[Data entries]
++++++++

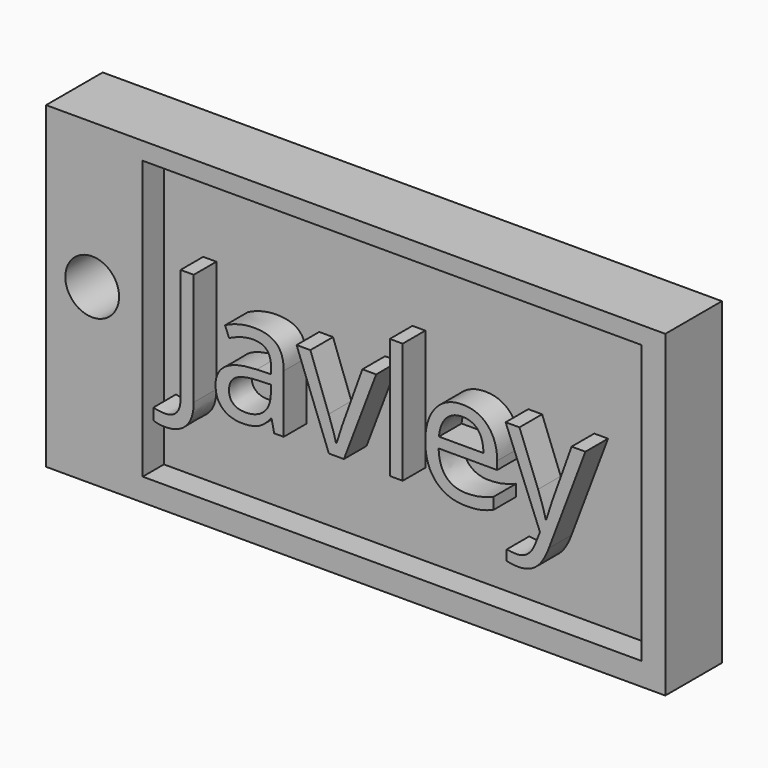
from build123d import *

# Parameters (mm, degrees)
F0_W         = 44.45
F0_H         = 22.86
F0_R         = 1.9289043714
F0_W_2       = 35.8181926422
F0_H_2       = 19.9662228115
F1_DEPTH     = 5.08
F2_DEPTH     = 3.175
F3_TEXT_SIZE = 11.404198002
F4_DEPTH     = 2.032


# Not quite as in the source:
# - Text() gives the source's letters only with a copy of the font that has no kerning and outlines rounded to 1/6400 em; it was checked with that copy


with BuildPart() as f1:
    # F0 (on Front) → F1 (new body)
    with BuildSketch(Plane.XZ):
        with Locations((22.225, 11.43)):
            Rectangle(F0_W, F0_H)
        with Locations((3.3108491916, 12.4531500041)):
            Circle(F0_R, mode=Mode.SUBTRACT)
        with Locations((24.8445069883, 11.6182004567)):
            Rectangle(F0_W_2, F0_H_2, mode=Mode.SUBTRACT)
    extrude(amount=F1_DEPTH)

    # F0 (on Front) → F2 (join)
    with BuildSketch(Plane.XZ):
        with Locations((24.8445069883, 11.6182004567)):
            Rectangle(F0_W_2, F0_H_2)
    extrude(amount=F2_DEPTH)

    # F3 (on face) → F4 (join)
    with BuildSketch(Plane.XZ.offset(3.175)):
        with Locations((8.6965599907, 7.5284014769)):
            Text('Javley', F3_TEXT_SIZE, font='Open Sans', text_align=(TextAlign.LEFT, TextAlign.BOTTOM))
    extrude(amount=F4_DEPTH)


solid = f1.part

++++++++

WHAT TO WORK ON: From the records above, copy each line that contains the word "Mode".

RESPONSE TO THE TASK:
            Circle(F0_R, mode=Mode.SUBTRACT)
            Rectangle(F0_W_2, F0_H_2, mode=Mode.SUBTRACT)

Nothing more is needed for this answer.